Go out to all the world and tell the Good News.

The day after Cinco de Mayo is a big day in the Roman lectionary year C. Saul is confronted by Jesus, and Jesus confronts his followers with a description of how they will eat his flesh and drink his blood. General Zaragoza, having defeated the French and attending the celebratory (and daily) Mass at Puebla, would have heard all of these scriptures read on May 6, 1862. Whether he was able to pay attention? We just don’t know. It might have been difficult.

Stonewall Jackson, who perhaps read the lectionary but certainly read the Bible every day, was also victorious in May, 1862. The Confederate Army was flourishing. But by 1863 the French defeat in Mexico, which prevented the French from trading weapons for cotton with the US states in the south, helped turn the tables.
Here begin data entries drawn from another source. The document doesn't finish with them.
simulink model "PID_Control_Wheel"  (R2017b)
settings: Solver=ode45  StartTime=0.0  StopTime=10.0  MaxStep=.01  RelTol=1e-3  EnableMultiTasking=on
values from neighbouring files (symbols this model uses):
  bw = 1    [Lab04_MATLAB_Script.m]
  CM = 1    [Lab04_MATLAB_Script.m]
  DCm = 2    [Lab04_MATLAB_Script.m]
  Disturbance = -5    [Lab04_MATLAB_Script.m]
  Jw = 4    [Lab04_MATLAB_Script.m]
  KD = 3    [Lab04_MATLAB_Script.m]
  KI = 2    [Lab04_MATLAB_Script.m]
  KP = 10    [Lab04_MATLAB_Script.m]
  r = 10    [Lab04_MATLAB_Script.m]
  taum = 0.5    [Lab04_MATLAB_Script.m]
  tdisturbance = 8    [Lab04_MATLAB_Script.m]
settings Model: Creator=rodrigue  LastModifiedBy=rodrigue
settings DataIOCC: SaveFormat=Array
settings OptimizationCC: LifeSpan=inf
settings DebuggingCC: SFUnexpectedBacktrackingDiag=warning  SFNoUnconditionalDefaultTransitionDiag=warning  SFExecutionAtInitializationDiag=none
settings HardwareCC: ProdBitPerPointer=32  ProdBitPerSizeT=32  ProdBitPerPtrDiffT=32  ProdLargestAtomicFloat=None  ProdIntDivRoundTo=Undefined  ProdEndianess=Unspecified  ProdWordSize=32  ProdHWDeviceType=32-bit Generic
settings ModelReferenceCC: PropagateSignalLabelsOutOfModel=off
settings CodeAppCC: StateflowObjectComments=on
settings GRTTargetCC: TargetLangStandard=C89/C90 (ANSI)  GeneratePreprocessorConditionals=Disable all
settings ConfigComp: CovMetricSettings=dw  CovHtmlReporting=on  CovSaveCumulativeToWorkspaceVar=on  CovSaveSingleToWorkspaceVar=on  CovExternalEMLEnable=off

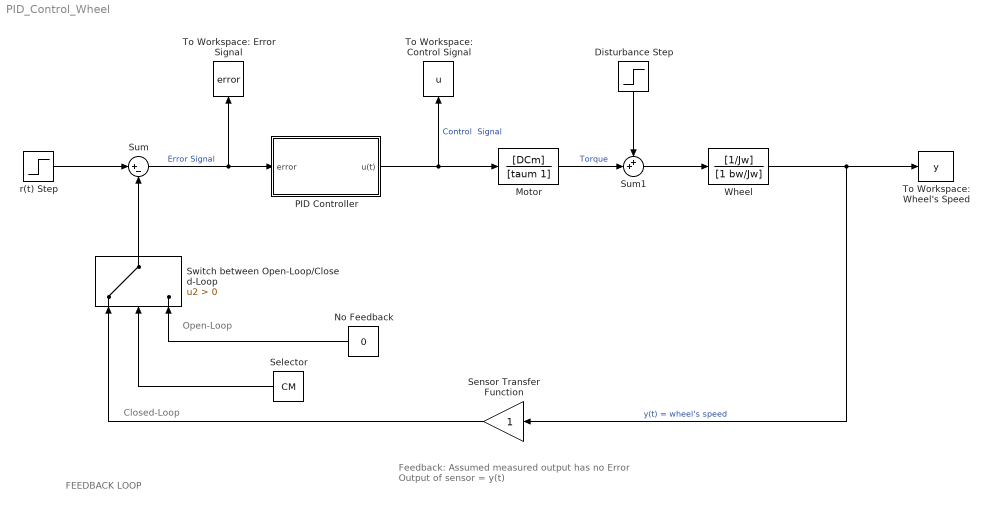
== system PID_Control_Wheel ==
  note: FEEDBACK LOOP
  note: Closed-Loop
  note: Open-Loop
  note: Feedback: Assumed measured output has no Error
      | Output of sensor = y(t)
  Disturbance Step : Step  Time=tdisturbance  After=Disturbance  SampleTime=0
  Motor : TransferFcn  Numerator=[DCm]  Denominator=[taum 1]
  No Feedback : Constant  Value=0
  PID Controller : Subsystem
  Selector : Constant  Value=CM
  Sensor Transfer Function : Gain
  Sum : Sum  Inputs=|+-
  Sum1 : Sum  Inputs=++|
  Switch between Open-Loop/Closed-Loop : Switch  Criteria=u2 > Threshold
  To Workspace: Control Signal : ToWorkspace  VariableName=u  SampleTime=-1
  To Workspace: Error Signal : ToWorkspace  VariableName=error  SampleTime=-1
  To Workspace: Wheel's Speed : ToWorkspace  VariableName=y  SampleTime=-1
  Wheel : TransferFcn  Numerator=[1/Jw]  Denominator=[1 bw/Jw]
  r(t) Step : Step  Time=0  After=r  SampleTime=0
  wires:
  Sum/1 -> PID Controller/1(error), To Workspace: Error Signal/1  "Error Signal"
  Wheel/1 -> Sensor Transfer Function/1, To Workspace: Wheel's Speed/1  "y(t) = wheel's speed"
  r(t) Step/1 -> Sum/1
  Switch between Open-Loop/Closed-Loop/1 -> Sum/2
  Motor/1 -> Sum1/2  "Torque"
  Sum1/1 -> Wheel/1
  Disturbance Step/1 -> Sum1/1
  PID Controller/1(u(t)) -> Motor/1, To Workspace: Control Signal/1  "Control  Signal"
  Selector/1 -> Switch between Open-Loop/Closed-Loop/2
  No Feedback/1 -> Switch between Open-Loop/Closed-Loop/3
  Sensor Transfer Function/1 -> Switch between Open-Loop/Closed-Loop/1

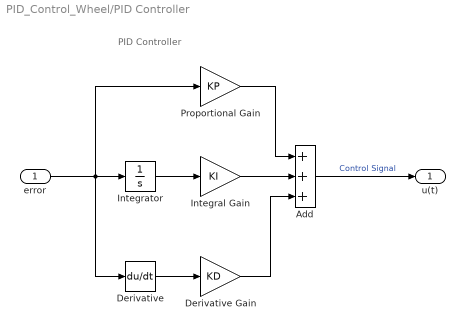
== system PID_Control_Wheel/PID Controller ==
  note: PID Controller
  error : Inport
  Add : Sum  Inputs=+++
  Derivative : Derivative
  Derivative Gain : Gain  Gain=KD
  Integral Gain : Gain  Gain=KI
  Integrator : Integrator
  Proportional Gain : Gain  Gain=KP
  u(t) : Outport
  wires:
  error/1 -> Derivative/1, Integrator/1, Proportional Gain/1
  Derivative/1 -> Derivative Gain/1
  Integrator/1 -> Integral Gain/1
  Integral Gain/1 -> Add/2
  Proportional Gain/1 -> Add/1
  Derivative Gain/1 -> Add/3
  Add/1 -> u(t)/1  "Control Signal"
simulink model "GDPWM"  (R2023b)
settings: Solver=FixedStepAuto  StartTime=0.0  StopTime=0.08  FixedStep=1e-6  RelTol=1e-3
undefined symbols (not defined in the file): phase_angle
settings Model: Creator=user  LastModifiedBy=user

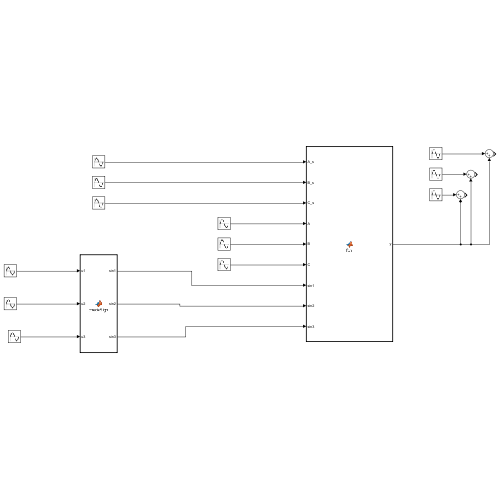
[thumbnail: Simulink's stored preview of the top-level diagram]
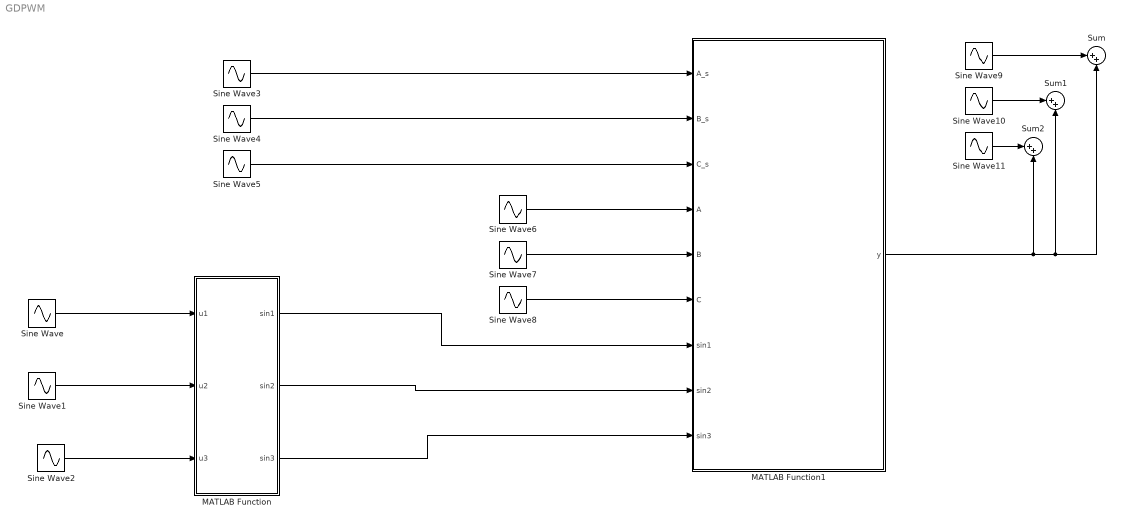
== system GDPWM ==
  MATLAB Function : MATLAB Function  TreatAsAtomicUnit=on
  MATLAB Function1 : MATLAB Function  TreatAsAtomicUnit=on
  Sine Wave : Sin  Frequency=2*pi*50  SampleTime=0
  Sine Wave1 : Sin  Frequency=2*pi*50  Phase=(2*pi/3)  SampleTime=0
  Sine Wave10 : Sin  Frequency=2*pi*50  Phase=(2*pi/3)  SampleTime=0
  Sine Wave11 : Sin  Frequency=2*pi*50  Phase=-2*pi/3  SampleTime=0
  Sine Wave2 : Sin  Frequency=2*pi*50  Phase=-2*pi/3  SampleTime=0
  Sine Wave3 : Sin  Frequency=2*pi*50  Phase=phase_angle  SampleTime=0
  Sine Wave4 : Sin  Frequency=2*pi*50  Phase=(2*pi/3)+phase_angle  SampleTime=0
  Sine Wave5 : Sin  Frequency=2*pi*50  Phase=-2*(pi/3)+phase_angle  SampleTime=0
  Sine Wave6 : Sin  Frequency=2*pi*50  SampleTime=0
  Sine Wave7 : Sin  Frequency=2*pi*50  Phase=(2*pi/3)  SampleTime=0
  Sine Wave8 : Sin  Frequency=2*pi*50  Phase=-2*pi/3  SampleTime=0
  Sine Wave9 : Sin  Frequency=2*pi*50  SampleTime=0
  Sum : Sum  Inputs=|++
  Sum1 : Sum  Inputs=|++
  Sum2 : Sum  Inputs=|++
  wires:
  Sine Wave/1 -> MATLAB Function/1(u1)
  Sine Wave1/1 -> MATLAB Function/2(u2)
  Sine Wave2/1 -> MATLAB Function/3(u3)
  Sine Wave3/1 -> MATLAB Function1/1(A_s)
  Sine Wave4/1 -> MATLAB Function1/2(B_s)
  Sine Wave5/1 -> MATLAB Function1/3(C_s)
  MATLAB Function/1(sin1) -> MATLAB Function1/7(sin1)
  Sine Wave6/1 -> MATLAB Function1/4(A)
  Sine Wave7/1 -> MATLAB Function1/5(B)
  Sine Wave8/1 -> MATLAB Function1/6(C)
  MATLAB Function/2(sin2) -> MATLAB Function1/8(sin2)
  MATLAB Function/3(sin3) -> MATLAB Function1/9(sin3)
  MATLAB Function1/1(y) -> Sum2/2, Sum1/2, Sum/2
  Sine Wave9/1 -> Sum/1
  Sine Wave10/1 -> Sum1/1
  Sine Wave11/1 -> Sum2/1

== matlab function GDPWM/MATLAB Function1 ==
  data: A_s input; B_s input; C_s input; A input; B input; C input; sin1 input; y output; sin2 input; sin3 input
function y = fcn(A_s, B_s, C_s, A, B, C, sin1, sin2, sin3)
z=0;
if(A_s>=B_s &&A_s>=C_s)
    z=sin1-A;
elseif(B_s>=A_s &&B_s>=C_s)
        z=sin2-B;
elseif(C_s>=A_s &&C_s>=B_s)
            z=sin3-C;
else
    z=min([A, B, C]);
end
            y = z;

== matlab function GDPWM/MATLAB Function ==
  data: sin1 output; u1 input; u2 input; sin2 output; u3 input; sin3 output
function [sin1, sin2, sin3] = checkSign(u1, u2, u3)
    sin1 = sign(u1);
    sin2 = sign(u2);
    sin3 = sign(u3);
end

Stonewall died, Vicksburg was captured, the Battle of Gettysburg was won, and Napoleon in France had several second thoughts about allying with Jefferson Davis. And Abraham Lincoln’s Emancipation Proclamation, written in 1862, was published on January 1, 1863.

Saul, breathing murderous threats against the disciples of the Lord, received permission to imprison members of the Way in Damascus. As he neared Damascus (180 miles north of Jerusalem), a light from the sky flashed around him. He fell to the ground. “Saul, Saul, why are you persecuting me?” Who are you, sir? “I am Jesus, whom you are persecuting.”

Jesus spoke strongly to the Pharisee’s strong man.

Now get up! Go into Damascus and you will be told what to do.

Saul was suddenly blind. Saul ate and drank nothing for three days. Still he was blind. But he was told what to do, by a terrified member of the Way. Ananias, heart in mouth, at first resisted his own vision of Jesus.

But the Lord said to him, “Go, for this man is a chosen instrument of mine, and I will show him what he will have to suffer for my name.”

Ananias might have thought, “Well, if Saul is going to be punished …” Whatever he thought, he went.

Ananias laid hands on Saul, and Saul regained his sight. He got up and was baptized, and ate. In just a few days he began to proclaim Jesus in the synagogues, that Jesus is the Son of God.

Saul, soon to be called Paul, told this story to his listeners. And he told the story of Jesus’ body and blood as well, how they were to share their faith with each other in this meal, this communion, this Eucharist (1 Cor 11:23-26). He spoke of what Jesus spoke of first, saying over and over:

This bread is my flesh, which I will give for the life of the world … Unless you eat the flesh of the Son of Man and drink his blood, you do not have life within you. Whoever eats my Flesh and drinks my Blood has eternal life. For my Flesh is true food, and my Blood is True drink. Whoever eats my flesh and drinks my blood remains in me and I in him. The one who feeds on me will have life because of me.

Only then does Jesus spiritualize what he has said six times:

This is the bread that came down from heaven.

Paul skips the allusions to cannibalism. But Jesus insists that his listeners, if they are to become followers, hear his words in their most carnal application. Jesus is a physical man, as are his listeners. But he is far more than that, and so are they.

One of Jesuit Father Teilhard de Chardin’s most famous sayings (whether he said it or not), was that “we are not physical beings having a spiritual experience … we are spiritual beings having a physical experience.” Isn’t that just what Jesus is saying too? And Paul as well, over and over in his sermons, speeches and conversations?

For in him we live and move and have our being. As some of your own poets have said, “We are his offspring.”

As the weather turns horrifyingly hot in India and Pakistan, and even in Texas these next two weeks – the victory in Mexico with all its attendant consequences, the words of Jesus, the fall of Saul and rise of Paul, all come together in us with even greater warmth, as the fires of the Holy Spirit fall upon us all.